Телефон звонил не переставая, и Джи-Джи без устали держала всех в курсе моих каждодневных успехов. Ей казалось важным, что было кому рассказать, как хорошо идут дела, а меня, в свою очередь, ободряло ее позитивное отношение к происходящему. День за днем она постоянно рассказывала мне о моих успехах, напоминая, какой большой путь мы уже проделали.
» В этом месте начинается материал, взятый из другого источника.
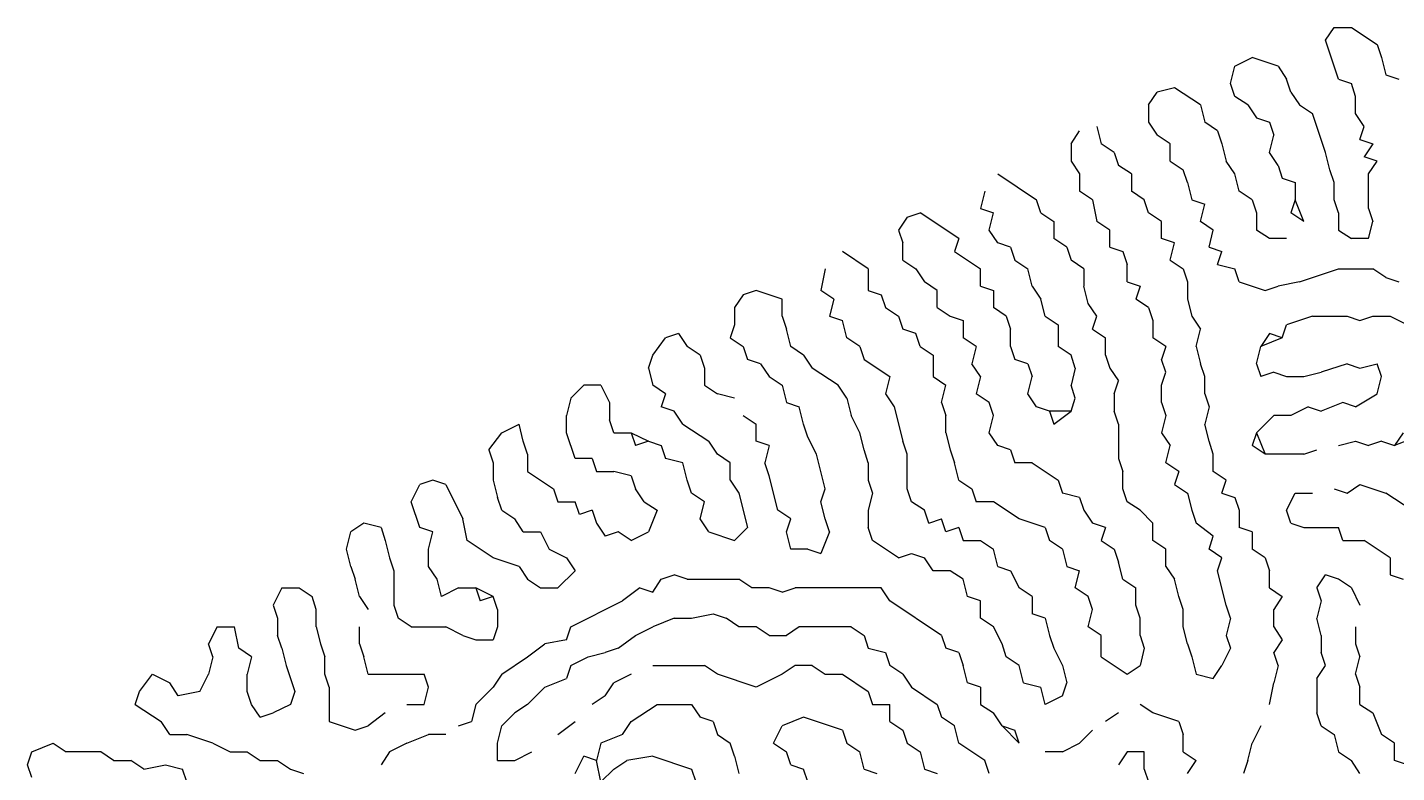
# Model space of a CAD drawing. Extents: x 15 to 2853, y 44 to 1438.
# Drawn here: x 702 to 1019.5, y 1128.2 to 1301 of the extents above; entities that cross this region are included whole.
import ezdxf

# ---------------------------------------------------------------- set-up
doc = ezdxf.new("R2010")
doc.units = 0
doc.layers.add('SKETCH', color=1, linetype='CONTINUOUS')

msp = doc.modelspace()

# ---------------------------------------------------------------- linework, layer by layer
at = {"layer": 'SKETCH'}
for p, q in [((1003, 1298), (1005, 1301)), ((1005, 1301), (1009, 1301)), ((1009, 1301), (1015, 1297)), ((1006, 1289), (1003, 1298)), ((1015, 1297), (1016, 1294)), ((982, 1292), (986, 1294)), ((992, 1292), (986, 1294)), ((1016, 1294), (1017, 1290)), ((981, 1288), (982, 1292)), ((992, 1292), (994, 1289)), ((1017, 1290), (1020, 1289)), ((962, 1283), (964, 1286)), ((968, 1287), (964, 1286)), ((974, 1283), (968, 1287)), ((982, 1285), (981, 1288)), ((995, 1286), (994, 1289)), ((995, 1286), (997, 1283)), ((1006, 1289), (1009, 1288)), ((1010, 1285), (1009, 1288)), ((962, 1283), (962, 1279)), ((974, 1283), (975, 1279)), ((985, 1283), (982, 1285)), ((985, 1283), (987, 1280)), ((997, 1283), (1000, 1281)), ((1010, 1281), (1010, 1285)), ((987, 1280), (990, 1279)), ((1003, 1272), (1000, 1281)), ((1012, 1278), (1010, 1281)), ((944, 1274), (946, 1277)), ((950, 1278), (951, 1274)), ((962, 1279), (964, 1276)), ((978, 1277), (975, 1279)), ((978, 1277), (979, 1274)), ((990, 1279), (991, 1276)), ((1011, 1275), (1012, 1278)), ((944, 1274), (944, 1270)), ((954, 1272), (951, 1274)), ((967, 1274), (964, 1276)), ((967, 1270), (967, 1274)), ((979, 1274), (980, 1270)), ((990, 1272), (991, 1276)), ((1011, 1275), (1014, 1274)), ((1014, 1274), (1012, 1271)), ((944, 1270), (946, 1267)), ((954, 1272), (955, 1269)), ((967, 1270), (970, 1268)), ((982, 1267), (980, 1270)), ((992, 1269), (990, 1272)), ((1004, 1268), (1003, 1272)), ((1015, 1270), (1012, 1271)), ((1013, 1267), (1015, 1270)), ((927, 1267), (936, 1261)), ((946, 1267), (946, 1263)), ((958, 1267), (955, 1269)), ((958, 1267), (958, 1263)), ((971, 1265), (970, 1268)), ((983, 1263), (982, 1267)), ((992, 1269), (993, 1266)), ((1005, 1265), (1004, 1268)), ((1013, 1259), (1013, 1267)), ((971, 1265), (972, 1261)), ((993, 1266), (996, 1265)), ((996, 1265), (996, 1261)), ((1005, 1261), (1005, 1265)), ((924, 1263), (923, 1259)), ((937, 1258), (936, 1261)), ((949, 1261), (946, 1263)), ((949, 1261), (950, 1256)), ((961, 1261), (958, 1263)), ((962, 1258), (961, 1261)), ((972, 1261), (975, 1260)), ((986, 1261), (983, 1263)), ((986, 1261), (987, 1258)), ((996, 1261), (995, 1258)), ((998, 1256), (996, 1261)), ((1006, 1258), (1005, 1261)), ((906, 1257), (909, 1258)), ((918, 1252), (909, 1258)), ((923, 1259), (926, 1258)), ((925, 1254), (926, 1258)), ((937, 1258), (940, 1256)), ((965, 1256), (962, 1258)), ((974, 1256), (975, 1260)), ((987, 1258), (987, 1254)), ((998, 1256), (995, 1258)), ((1006, 1258), (1006, 1254)), ((1013, 1259), (1014, 1256)), ((906, 1257), (904, 1254)), ((940, 1256), (940, 1252)), ((953, 1254), (950, 1256)), ((965, 1252), (965, 1256)), ((977, 1254), (974, 1256)), ((1013, 1252), (1014, 1256)), ((904, 1254), (905, 1251)), ((905, 1247), (905, 1251)), ((918, 1252), (917, 1249)), ((927, 1251), (925, 1254)), ((930, 1250), (927, 1251)), ((943, 1250), (940, 1252)), ((953, 1250), (953, 1254)), ((968, 1251), (965, 1252)), ((967, 1247), (968, 1251)), ((976, 1250), (977, 1254)), ((990, 1252), (987, 1254)), ((994, 1252), (990, 1252)), ((1006, 1254), (1009, 1252)), ((1013, 1252), (1009, 1252)), ((897, 1245), (891, 1249)), ((917, 1249), (923, 1245)), ((930, 1250), (931, 1247)), ((943, 1250), (944, 1247)), ((953, 1250), (956, 1249)), ((956, 1249), (957, 1246)), ((976, 1250), (979, 1249)), ((978, 1246), (979, 1249)), ((887, 1245), (886, 1240)), ((897, 1245), (897, 1240)), ((905, 1247), (908, 1245)), ((908, 1245), (910, 1242)), ((923, 1241), (923, 1245)), ((931, 1247), (934, 1245)), ((935, 1241), (934, 1245)), ((947, 1245), (944, 1247)), ((947, 1245), (947, 1241)), ((957, 1242), (957, 1246)), ((967, 1247), (970, 1245)), ((970, 1245), (971, 1242)), ((978, 1246), (982, 1245)), ((983, 1242), (982, 1245)), ((997, 1242), (1006, 1245)), ((1006, 1245), (1014, 1245)), ((1017, 1243), (1014, 1245)), ((913, 1240), (910, 1242)), ((957, 1242), (960, 1241)), ((971, 1242), (971, 1238)), ((983, 1242), (989, 1240)), ((997, 1242), (992, 1241)), ((1017, 1243), (1020, 1242)), ((868, 1239), (866, 1236)), ((871, 1240), (868, 1239)), ((877, 1238), (871, 1240)), ((889, 1238), (886, 1240)), ((897, 1240), (900, 1239)), ((900, 1239), (901, 1236)), ((913, 1236), (913, 1240)), ((923, 1241), (926, 1240)), ((926, 1240), (926, 1236)), ((935, 1241), (937, 1238)), ((948, 1237), (947, 1241)), ((960, 1241), (959, 1238)), ((989, 1240), (992, 1241)), ((866, 1236), (866, 1232)), ((877, 1234), (877, 1238)), ((889, 1238), (888, 1234)), ((901, 1236), (904, 1234)), ((913, 1236), (916, 1234)), ((929, 1234), (926, 1236)), ((938, 1234), (937, 1238)), ((950, 1234), (948, 1237)), ((962, 1236), (959, 1238)), ((962, 1236), (963, 1233)), ((971, 1238), (972, 1234)), ((866, 1232), (865, 1229)), ((877, 1234), (878, 1231)), ((888, 1234), (891, 1233)), ((892, 1229), (891, 1233)), ((904, 1234), (905, 1231)), ((916, 1234), (919, 1233)), ((919, 1233), (919, 1229)), ((929, 1234), (930, 1231)), ((938, 1234), (941, 1232)), ((941, 1232), (941, 1227)), ((949, 1231), (950, 1234)), ((963, 1233), (963, 1229)), ((972, 1234), (974, 1231)), ((993, 1229), (994, 1232)), ((1000, 1234), (994, 1232)), ((1000, 1234), (1008, 1234)), ((1008, 1234), (1011, 1233)), ((1011, 1233), (1014, 1234)), ((1014, 1234), (1018, 1234)), ((1018, 1234), (1022, 1232)), ((847, 1225), (850, 1229)), ((853, 1230), (850, 1229)), ((853, 1230), (855, 1227)), ((865, 1229), (868, 1227)), ((879, 1227), (878, 1231)), ((895, 1227), (892, 1229)), ((908, 1230), (905, 1231)), ((909, 1227), (908, 1230)), ((922, 1227), (919, 1229)), ((930, 1227), (930, 1231)), ((949, 1231), (952, 1229)), ((952, 1225), (952, 1229)), ((966, 1227), (963, 1229)), ((973, 1227), (974, 1231)), ((990, 1230), (988, 1227)), ((993, 1229), (988, 1227)), ((993, 1229), (990, 1230)), ((858, 1225), (855, 1227)), ((868, 1227), (869, 1224)), ((882, 1225), (879, 1227)), ((895, 1227), (896, 1224)), ((909, 1227), (912, 1225)), ((922, 1227), (921, 1223)), ((930, 1227), (931, 1224)), ((944, 1225), (941, 1227)), ((966, 1227), (965, 1224)), ((973, 1227), (974, 1223)), ((987, 1223), (988, 1227)), ((846, 1222), (847, 1225)), ((858, 1225), (859, 1222)), ((872, 1223), (869, 1224)), ((872, 1223), (874, 1220)), ((882, 1225), (884, 1222)), ((896, 1224), (902, 1220)), ((912, 1225), (912, 1220)), ((923, 1220), (921, 1223)), ((934, 1223), (931, 1224)), ((934, 1223), (935, 1220)), ((945, 1222), (944, 1225)), ((952, 1225), (953, 1222)), ((966, 1221), (965, 1224)), ((975, 1220), (974, 1223)), ((987, 1223), (988, 1220)), ((1008, 1223), (1002, 1221)), ((1008, 1223), (1011, 1222)), ((1011, 1222), (1015, 1223)), ((1016, 1220), (1015, 1223)), ((846, 1222), (847, 1218)), ((859, 1222), (859, 1218)), ((874, 1220), (877, 1218)), ((890, 1218), (884, 1222)), ((902, 1220), (901, 1216)), ((912, 1220), (915, 1218)), ((923, 1220), (922, 1216)), ((934, 1216), (935, 1220)), ((945, 1222), (944, 1218)), ((953, 1222), (955, 1219)), ((965, 1218), (966, 1221)), ((975, 1216), (975, 1220)), ((991, 1221), (988, 1220)), ((991, 1221), (994, 1220)), ((994, 1220), (998, 1220)), ((998, 1220), (1002, 1221)), ((1015, 1216), (1016, 1220)), ((828, 1215), (831, 1218)), ((835, 1218), (831, 1218)), ((835, 1218), (837, 1214)), ((850, 1216), (847, 1218)), ((859, 1218), (862, 1216)), ((877, 1218), (878, 1214)), ((892, 1215), (890, 1218)), ((914, 1214), (915, 1218)), ((945, 1215), (944, 1218)), ((954, 1216), (955, 1219)), ((965, 1214), (965, 1218)), ((828, 1215), (827, 1211)), ((837, 1214), (837, 1210)), ((850, 1216), (849, 1213)), ((852, 1212), (849, 1213)), ((866, 1215), (862, 1216)), ((878, 1214), (881, 1213)), ((882, 1209), (881, 1213)), ((892, 1215), (893, 1211)), ((901, 1216), (903, 1213)), ((903, 1213), (905, 1205)), ((914, 1214), (915, 1211)), ((925, 1214), (922, 1216)), ((926, 1211), (925, 1214)), ((936, 1213), (934, 1216)), ((939, 1212), (936, 1213)), ((944, 1212), (945, 1215)), ((954, 1216), (954, 1212)), ((965, 1214), (966, 1211)), ((975, 1216), (976, 1213)), ((976, 1213), (975, 1209)), ((999, 1213), (995, 1211)), ((999, 1213), (1002, 1212)), ((1007, 1214), (1002, 1212)), ((1010, 1213), (1007, 1214)), ((1010, 1213), (1015, 1216)), ((827, 1207), (827, 1211)), ((838, 1207), (837, 1210)), ((854, 1209), (852, 1212)), ((868, 1211), (871, 1209)), ((895, 1207), (893, 1211)), ((915, 1207), (915, 1211)), ((925, 1207), (926, 1211)), ((939, 1212), (940, 1209)), ((944, 1212), (939, 1212)), ((940, 1209), (944, 1212)), ((955, 1209), (954, 1212)), ((966, 1211), (965, 1207)), ((991, 1211), (987, 1207)), ((995, 1211), (991, 1211)), ((809, 1203), (812, 1207)), ((812, 1207), (816, 1209)), ((817, 1205), (816, 1209)), ((829, 1201), (827, 1207)), ((838, 1207), (842, 1207)), ((842, 1207), (843, 1204)), ((842, 1207), (846, 1205)), ((854, 1209), (860, 1205)), ((871, 1205), (871, 1209)), ((883, 1206), (882, 1209)), ((896, 1203), (895, 1207)), ((915, 1207), (916, 1203)), ((927, 1204), (925, 1207)), ((955, 1209), (955, 1201)), ((965, 1207), (967, 1204)), ((976, 1205), (975, 1209)), ((987, 1207), (986, 1204)), ((987, 1207), (989, 1202)), ((1021, 1207), (1019, 1204)), ((818, 1202), (817, 1205)), ((846, 1205), (843, 1204)), ((846, 1205), (849, 1204)), ((849, 1204), (850, 1201)), ((862, 1202), (860, 1205)), ((874, 1204), (871, 1205)), ((874, 1204), (873, 1200)), ((885, 1202), (883, 1206)), ((906, 1202), (905, 1205)), ((930, 1203), (927, 1204)), ((966, 1200), (967, 1204)), ((977, 1202), (976, 1205)), ((989, 1202), (986, 1204)), ((1006, 1204), (1010, 1205)), ((1010, 1205), (1013, 1204)), ((1016, 1205), (1013, 1204)), ((1016, 1205), (1019, 1204)), ((1024, 1206), (1019, 1204)), ((809, 1203), (810, 1200)), ((818, 1202), (818, 1198)), ((833, 1201), (829, 1201)), ((833, 1201), (834, 1198)), ((854, 1200), (850, 1201)), ((865, 1200), (862, 1202)), ((887, 1194), (885, 1202)), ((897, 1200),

Время от времени меня приходили навестить друзья, но Джи-Джи поняла, что общение с людьми истощает запасы энергии, отнимая силы и интерес к работе. Она приняла волевое решение, что восстанавливать работу моего мозга намного важнее, чем принимать гостей, поэтому стояла на страже в дверях и строго отграничивала время общения с посетителями. Телевизор тоже отнимал у меня ужасно много энергии, а по телефону я разговаривать не могла, потому что мое восприятие речи полностью зависело от возможности одновременно читать по губам то, что мне говорили. Мы обе заботились, что бы я делала только то, что способствовало моему выздоровлению, и ничто другое.